[What is expected] Your answer must consist of every line from the data below that includes the word "paste".
○ ○ ○ ○ ○ ○ ○
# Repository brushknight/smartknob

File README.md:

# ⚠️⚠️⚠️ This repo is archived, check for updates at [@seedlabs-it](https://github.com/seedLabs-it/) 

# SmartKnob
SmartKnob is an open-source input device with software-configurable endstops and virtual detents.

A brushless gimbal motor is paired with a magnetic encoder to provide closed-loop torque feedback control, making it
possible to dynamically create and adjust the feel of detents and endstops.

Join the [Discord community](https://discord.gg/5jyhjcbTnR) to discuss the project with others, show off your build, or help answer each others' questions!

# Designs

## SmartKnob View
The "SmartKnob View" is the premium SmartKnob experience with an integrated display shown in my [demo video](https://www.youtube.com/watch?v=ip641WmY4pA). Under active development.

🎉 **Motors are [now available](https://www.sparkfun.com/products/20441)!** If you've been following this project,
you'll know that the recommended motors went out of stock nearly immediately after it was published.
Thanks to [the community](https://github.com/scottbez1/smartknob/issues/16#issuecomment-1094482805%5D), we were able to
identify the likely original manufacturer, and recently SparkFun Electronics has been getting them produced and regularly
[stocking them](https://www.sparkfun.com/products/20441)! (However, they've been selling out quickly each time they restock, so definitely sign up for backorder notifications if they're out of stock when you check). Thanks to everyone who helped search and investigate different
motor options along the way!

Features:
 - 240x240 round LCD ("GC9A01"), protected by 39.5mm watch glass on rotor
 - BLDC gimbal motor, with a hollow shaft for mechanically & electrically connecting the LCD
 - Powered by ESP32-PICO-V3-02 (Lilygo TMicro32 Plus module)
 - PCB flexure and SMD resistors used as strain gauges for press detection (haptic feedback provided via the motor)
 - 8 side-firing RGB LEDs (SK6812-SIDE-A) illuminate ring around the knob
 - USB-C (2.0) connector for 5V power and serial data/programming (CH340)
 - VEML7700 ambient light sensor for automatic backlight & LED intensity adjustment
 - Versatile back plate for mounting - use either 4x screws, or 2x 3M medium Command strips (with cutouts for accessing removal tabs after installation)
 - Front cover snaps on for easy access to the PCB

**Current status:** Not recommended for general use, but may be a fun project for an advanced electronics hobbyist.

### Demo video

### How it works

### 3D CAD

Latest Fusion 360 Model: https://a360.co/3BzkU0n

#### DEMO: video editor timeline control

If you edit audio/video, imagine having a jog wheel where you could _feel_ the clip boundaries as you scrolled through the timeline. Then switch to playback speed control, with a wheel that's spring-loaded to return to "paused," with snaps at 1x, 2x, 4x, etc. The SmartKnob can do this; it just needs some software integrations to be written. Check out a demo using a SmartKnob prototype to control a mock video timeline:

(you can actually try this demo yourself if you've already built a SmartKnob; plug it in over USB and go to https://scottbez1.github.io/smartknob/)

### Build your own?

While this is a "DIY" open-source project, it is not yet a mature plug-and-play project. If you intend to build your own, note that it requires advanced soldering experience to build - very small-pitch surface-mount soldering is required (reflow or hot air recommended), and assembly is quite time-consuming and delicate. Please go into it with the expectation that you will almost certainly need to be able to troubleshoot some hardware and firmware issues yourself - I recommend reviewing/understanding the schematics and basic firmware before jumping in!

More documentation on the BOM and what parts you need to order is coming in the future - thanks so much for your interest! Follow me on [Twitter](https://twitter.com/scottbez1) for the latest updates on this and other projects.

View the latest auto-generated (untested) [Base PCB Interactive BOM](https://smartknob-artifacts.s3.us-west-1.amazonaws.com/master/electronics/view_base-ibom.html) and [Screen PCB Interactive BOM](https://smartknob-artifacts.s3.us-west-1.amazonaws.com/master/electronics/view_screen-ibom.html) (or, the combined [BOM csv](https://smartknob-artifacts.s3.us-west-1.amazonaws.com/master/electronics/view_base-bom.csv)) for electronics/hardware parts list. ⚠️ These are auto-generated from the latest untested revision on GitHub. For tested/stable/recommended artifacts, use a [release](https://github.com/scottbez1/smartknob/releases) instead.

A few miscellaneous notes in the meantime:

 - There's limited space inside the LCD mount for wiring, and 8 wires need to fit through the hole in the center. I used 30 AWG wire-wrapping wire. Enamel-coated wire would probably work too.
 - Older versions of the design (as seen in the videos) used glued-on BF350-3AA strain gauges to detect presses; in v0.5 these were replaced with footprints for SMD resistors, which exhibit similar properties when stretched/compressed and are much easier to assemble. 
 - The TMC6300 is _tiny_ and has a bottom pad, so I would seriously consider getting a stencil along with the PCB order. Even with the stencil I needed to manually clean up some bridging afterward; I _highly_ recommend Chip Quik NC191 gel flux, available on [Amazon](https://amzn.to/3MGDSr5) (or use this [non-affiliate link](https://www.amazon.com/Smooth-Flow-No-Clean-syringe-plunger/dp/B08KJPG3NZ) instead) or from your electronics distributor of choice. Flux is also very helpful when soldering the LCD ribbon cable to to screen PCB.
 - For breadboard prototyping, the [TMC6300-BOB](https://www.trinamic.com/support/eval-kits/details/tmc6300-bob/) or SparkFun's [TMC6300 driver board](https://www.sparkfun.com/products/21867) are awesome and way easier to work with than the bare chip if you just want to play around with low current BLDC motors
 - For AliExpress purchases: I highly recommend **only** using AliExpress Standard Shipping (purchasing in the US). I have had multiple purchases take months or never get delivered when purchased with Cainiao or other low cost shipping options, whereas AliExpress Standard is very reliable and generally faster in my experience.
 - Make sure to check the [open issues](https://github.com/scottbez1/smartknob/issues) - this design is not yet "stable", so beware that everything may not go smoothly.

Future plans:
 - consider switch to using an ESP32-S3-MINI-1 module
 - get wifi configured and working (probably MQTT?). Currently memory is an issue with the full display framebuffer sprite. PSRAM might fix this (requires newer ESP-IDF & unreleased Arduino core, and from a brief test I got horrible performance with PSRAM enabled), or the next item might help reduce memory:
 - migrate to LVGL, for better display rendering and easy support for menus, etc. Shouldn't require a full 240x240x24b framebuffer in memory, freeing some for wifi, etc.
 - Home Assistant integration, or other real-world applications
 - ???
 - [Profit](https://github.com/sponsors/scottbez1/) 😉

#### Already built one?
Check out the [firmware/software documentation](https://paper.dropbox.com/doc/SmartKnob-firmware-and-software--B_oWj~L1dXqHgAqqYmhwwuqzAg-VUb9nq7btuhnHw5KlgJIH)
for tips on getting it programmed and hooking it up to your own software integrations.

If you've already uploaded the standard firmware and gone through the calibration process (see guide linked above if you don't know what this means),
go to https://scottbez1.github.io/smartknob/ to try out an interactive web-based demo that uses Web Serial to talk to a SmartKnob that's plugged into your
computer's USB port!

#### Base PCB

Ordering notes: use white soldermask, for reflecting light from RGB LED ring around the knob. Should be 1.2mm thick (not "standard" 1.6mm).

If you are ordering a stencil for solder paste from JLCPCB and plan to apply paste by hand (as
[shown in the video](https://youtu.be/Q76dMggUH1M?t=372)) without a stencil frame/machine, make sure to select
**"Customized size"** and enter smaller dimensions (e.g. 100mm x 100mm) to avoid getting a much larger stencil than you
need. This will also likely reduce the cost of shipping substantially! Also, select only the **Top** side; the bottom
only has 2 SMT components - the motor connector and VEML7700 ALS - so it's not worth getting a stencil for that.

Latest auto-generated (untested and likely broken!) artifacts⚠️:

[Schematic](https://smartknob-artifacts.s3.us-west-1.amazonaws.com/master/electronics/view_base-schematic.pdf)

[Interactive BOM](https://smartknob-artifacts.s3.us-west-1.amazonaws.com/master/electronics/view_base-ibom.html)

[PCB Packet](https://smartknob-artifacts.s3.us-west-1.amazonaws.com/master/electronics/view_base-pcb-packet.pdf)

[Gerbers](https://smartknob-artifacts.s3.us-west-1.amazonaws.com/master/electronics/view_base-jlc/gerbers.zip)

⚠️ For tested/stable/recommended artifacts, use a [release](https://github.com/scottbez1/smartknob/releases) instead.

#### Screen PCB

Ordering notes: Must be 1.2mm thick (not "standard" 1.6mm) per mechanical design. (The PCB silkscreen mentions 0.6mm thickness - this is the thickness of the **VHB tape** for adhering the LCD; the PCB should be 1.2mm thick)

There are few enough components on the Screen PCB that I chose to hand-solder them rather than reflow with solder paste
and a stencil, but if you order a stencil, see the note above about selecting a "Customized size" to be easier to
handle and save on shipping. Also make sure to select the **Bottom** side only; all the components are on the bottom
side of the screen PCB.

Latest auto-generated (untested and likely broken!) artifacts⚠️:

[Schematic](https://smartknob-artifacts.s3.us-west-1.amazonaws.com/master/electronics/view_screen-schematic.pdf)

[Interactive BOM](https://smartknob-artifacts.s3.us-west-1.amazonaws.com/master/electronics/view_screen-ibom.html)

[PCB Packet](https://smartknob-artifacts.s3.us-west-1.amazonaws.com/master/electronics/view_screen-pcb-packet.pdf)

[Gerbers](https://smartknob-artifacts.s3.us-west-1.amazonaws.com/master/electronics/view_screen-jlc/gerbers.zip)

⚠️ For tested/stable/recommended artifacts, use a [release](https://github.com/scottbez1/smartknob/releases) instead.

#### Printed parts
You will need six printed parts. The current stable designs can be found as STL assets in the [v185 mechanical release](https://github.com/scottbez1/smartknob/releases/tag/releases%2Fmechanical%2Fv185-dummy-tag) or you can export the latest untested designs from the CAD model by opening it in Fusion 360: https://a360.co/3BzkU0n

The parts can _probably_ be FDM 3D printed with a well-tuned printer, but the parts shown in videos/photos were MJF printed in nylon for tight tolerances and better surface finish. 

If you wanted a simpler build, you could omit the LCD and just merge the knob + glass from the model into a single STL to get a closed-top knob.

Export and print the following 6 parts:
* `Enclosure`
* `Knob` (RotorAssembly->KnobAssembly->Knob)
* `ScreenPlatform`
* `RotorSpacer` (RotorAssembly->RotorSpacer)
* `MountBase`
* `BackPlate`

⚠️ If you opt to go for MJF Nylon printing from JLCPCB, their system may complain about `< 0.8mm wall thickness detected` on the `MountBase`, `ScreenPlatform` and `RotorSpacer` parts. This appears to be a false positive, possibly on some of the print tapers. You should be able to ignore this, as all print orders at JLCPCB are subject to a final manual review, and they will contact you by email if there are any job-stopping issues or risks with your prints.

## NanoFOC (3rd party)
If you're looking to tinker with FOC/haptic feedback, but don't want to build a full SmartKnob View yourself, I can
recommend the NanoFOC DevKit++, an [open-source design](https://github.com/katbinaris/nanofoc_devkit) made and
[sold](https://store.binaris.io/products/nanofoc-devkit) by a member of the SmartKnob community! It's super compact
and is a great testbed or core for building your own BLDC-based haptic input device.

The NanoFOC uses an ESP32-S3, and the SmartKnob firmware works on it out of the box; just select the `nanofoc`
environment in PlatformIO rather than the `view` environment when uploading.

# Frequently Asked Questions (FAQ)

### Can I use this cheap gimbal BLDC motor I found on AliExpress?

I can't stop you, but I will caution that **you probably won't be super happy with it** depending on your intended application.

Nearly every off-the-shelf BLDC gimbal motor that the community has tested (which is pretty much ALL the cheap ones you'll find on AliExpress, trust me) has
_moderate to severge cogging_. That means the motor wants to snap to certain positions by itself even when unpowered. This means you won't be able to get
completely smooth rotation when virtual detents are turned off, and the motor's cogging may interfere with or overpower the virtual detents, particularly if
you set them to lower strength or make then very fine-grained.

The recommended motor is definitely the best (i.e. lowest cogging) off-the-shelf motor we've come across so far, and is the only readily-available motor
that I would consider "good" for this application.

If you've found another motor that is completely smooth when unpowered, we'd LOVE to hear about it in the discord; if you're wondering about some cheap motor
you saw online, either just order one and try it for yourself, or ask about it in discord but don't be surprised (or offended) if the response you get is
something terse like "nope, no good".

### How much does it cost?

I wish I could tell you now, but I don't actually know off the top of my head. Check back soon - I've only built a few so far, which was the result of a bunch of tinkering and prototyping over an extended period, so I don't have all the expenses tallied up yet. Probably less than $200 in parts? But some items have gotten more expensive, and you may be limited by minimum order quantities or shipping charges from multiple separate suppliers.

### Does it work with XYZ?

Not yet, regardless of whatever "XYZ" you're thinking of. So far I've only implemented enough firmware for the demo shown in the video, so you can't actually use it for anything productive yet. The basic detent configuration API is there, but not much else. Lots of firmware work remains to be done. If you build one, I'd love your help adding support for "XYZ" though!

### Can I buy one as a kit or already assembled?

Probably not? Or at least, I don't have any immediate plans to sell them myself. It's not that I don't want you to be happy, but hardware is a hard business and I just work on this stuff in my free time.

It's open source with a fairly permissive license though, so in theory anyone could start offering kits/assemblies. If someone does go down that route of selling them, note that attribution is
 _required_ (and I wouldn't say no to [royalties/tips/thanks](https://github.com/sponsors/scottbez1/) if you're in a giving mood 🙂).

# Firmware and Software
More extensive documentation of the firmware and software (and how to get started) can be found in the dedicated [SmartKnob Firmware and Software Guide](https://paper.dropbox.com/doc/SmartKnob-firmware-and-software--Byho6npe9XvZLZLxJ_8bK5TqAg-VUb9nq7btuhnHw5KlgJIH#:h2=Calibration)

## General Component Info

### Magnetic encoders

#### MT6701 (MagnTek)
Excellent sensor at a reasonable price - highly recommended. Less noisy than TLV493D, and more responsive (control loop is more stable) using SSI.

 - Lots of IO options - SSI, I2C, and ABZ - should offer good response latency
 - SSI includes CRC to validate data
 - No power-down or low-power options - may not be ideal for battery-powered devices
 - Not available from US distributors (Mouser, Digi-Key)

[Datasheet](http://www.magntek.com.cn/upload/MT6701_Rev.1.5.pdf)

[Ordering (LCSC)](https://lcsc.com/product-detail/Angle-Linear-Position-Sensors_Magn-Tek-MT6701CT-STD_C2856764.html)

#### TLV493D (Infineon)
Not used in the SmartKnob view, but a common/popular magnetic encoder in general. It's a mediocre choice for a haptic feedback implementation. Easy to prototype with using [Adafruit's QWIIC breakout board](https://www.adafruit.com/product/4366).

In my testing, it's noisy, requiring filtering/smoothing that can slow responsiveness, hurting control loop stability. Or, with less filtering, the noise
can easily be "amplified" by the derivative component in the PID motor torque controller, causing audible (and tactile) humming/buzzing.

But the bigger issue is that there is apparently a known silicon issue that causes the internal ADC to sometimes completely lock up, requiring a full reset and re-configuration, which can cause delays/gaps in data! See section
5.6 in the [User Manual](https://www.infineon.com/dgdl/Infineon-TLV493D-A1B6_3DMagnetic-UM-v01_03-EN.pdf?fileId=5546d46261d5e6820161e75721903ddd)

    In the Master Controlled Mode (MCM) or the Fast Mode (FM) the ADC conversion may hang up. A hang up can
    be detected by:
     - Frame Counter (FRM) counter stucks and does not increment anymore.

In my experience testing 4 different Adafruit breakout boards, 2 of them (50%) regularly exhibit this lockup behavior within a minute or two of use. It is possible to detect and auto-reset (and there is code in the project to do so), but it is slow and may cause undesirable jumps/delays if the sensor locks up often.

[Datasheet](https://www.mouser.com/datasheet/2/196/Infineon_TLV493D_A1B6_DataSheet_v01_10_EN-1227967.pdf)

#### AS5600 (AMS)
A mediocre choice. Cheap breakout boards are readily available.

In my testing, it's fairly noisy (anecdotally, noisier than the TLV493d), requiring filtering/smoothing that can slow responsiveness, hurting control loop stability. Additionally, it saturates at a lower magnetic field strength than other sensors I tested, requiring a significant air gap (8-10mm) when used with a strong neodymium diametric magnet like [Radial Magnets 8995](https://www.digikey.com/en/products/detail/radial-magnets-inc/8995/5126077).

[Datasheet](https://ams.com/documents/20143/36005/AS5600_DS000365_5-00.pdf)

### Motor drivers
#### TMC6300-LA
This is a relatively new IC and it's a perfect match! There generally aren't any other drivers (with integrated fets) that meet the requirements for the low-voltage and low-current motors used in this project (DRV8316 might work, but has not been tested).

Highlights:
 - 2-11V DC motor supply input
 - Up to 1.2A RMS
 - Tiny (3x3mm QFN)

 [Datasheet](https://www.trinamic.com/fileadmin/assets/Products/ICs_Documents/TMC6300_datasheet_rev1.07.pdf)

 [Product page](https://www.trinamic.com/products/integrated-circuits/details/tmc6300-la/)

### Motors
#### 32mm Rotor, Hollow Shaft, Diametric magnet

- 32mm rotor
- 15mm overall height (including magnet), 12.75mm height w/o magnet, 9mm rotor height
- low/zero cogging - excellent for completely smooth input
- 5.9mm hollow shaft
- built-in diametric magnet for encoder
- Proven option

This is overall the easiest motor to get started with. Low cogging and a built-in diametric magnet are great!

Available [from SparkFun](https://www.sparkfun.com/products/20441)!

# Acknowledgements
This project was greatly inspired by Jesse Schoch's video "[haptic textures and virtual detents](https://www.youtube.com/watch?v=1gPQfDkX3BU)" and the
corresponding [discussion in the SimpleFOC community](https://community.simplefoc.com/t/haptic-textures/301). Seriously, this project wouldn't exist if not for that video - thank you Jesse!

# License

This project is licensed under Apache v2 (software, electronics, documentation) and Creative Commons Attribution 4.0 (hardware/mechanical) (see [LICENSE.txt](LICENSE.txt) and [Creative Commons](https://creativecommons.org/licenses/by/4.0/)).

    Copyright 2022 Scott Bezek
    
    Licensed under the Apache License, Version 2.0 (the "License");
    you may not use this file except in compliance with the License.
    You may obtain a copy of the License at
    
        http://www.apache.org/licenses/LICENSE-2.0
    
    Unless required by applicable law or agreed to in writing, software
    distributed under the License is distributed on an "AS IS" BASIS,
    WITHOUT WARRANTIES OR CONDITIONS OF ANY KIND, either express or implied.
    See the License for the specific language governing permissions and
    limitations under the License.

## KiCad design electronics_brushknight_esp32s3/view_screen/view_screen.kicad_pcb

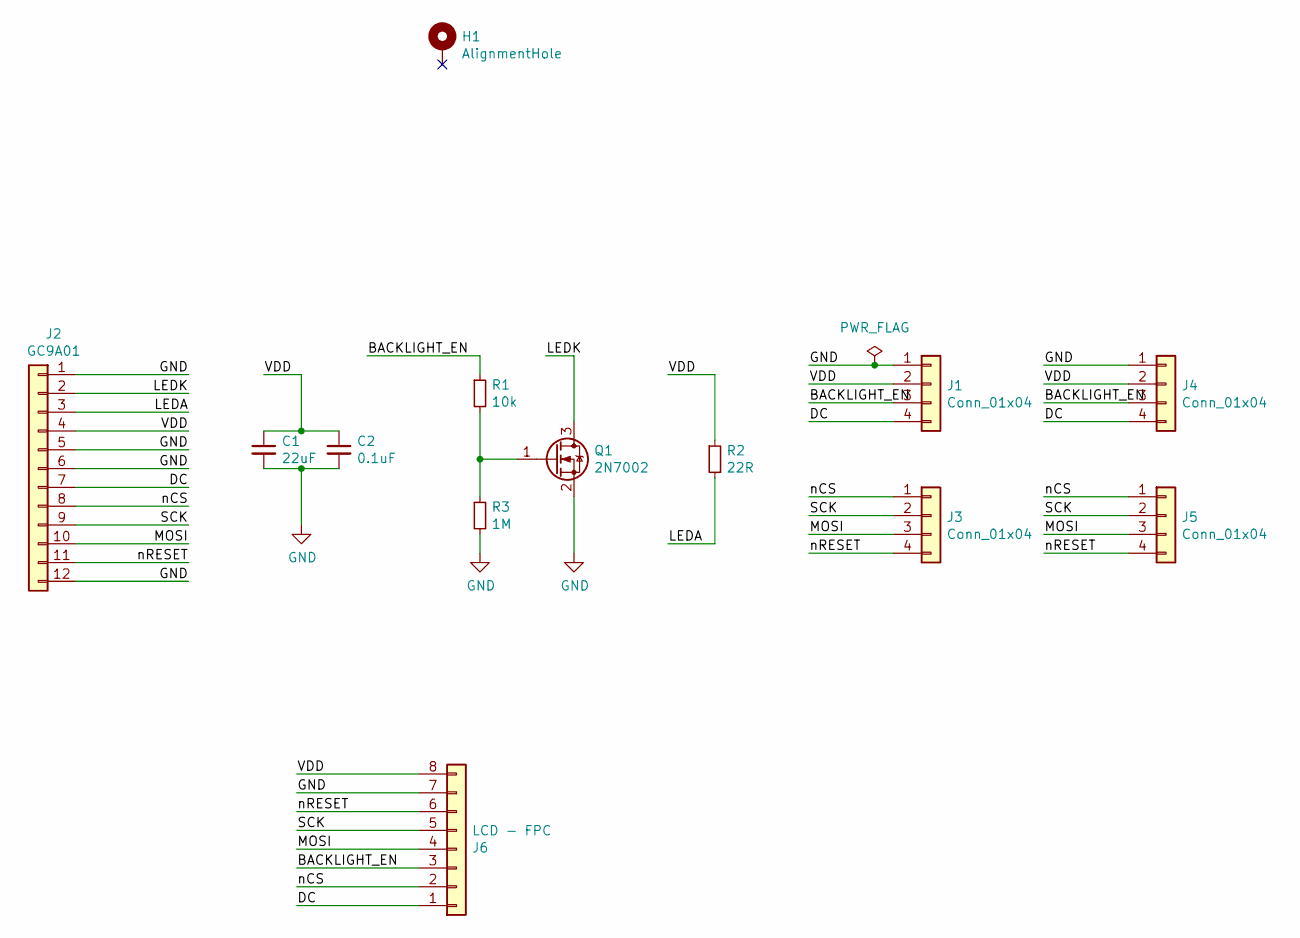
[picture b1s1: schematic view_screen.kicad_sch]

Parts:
C1: 22uF; C_0805_2012Metric; Digikey 1276-CL21A226MAYNNNECT-ND
C2: 0.1uF; C_0603_1608Metric; Digikey 1276-1935-1-ND
H1: AlignmentHole; AlignmentHole_1.6
J1, J3, J4, J5: Conn_01x04; SolderPads_2mm_4
J2: GC9A01; GC9A01Round1.28; Digikey N/A
J6: LCD - FPC; Amphenol FCI FPC 8 pin 0.5 pitch
Q1: 2N7002; SOT-23; Digikey 2N7002H6327XTSA2CT-ND
R1: 10k; R_0603_1608Metric; Digikey RMCF0603JT10K0CT-ND
R2: 22R; R_0603_1608Metric; Digikey RMCF0603JT22R0CT-ND
R3: 1M; R_0603_1608Metric; Digikey RMCF0603JT1M00CT-ND

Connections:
/BACKLIGHT_EN: J1.3, J4.3, J6.3, R1.1
/DC: J1.4, J2.7, J4.4, J6.1
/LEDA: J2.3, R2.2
○ ○ ○ ○ ○ ○ ○
[Response to the task]
If you are ordering a stencil for solder paste from JLCPCB and plan to apply paste by hand (as
There are few enough components on the Screen PCB that I chose to hand-solder them rather than reflow with solder paste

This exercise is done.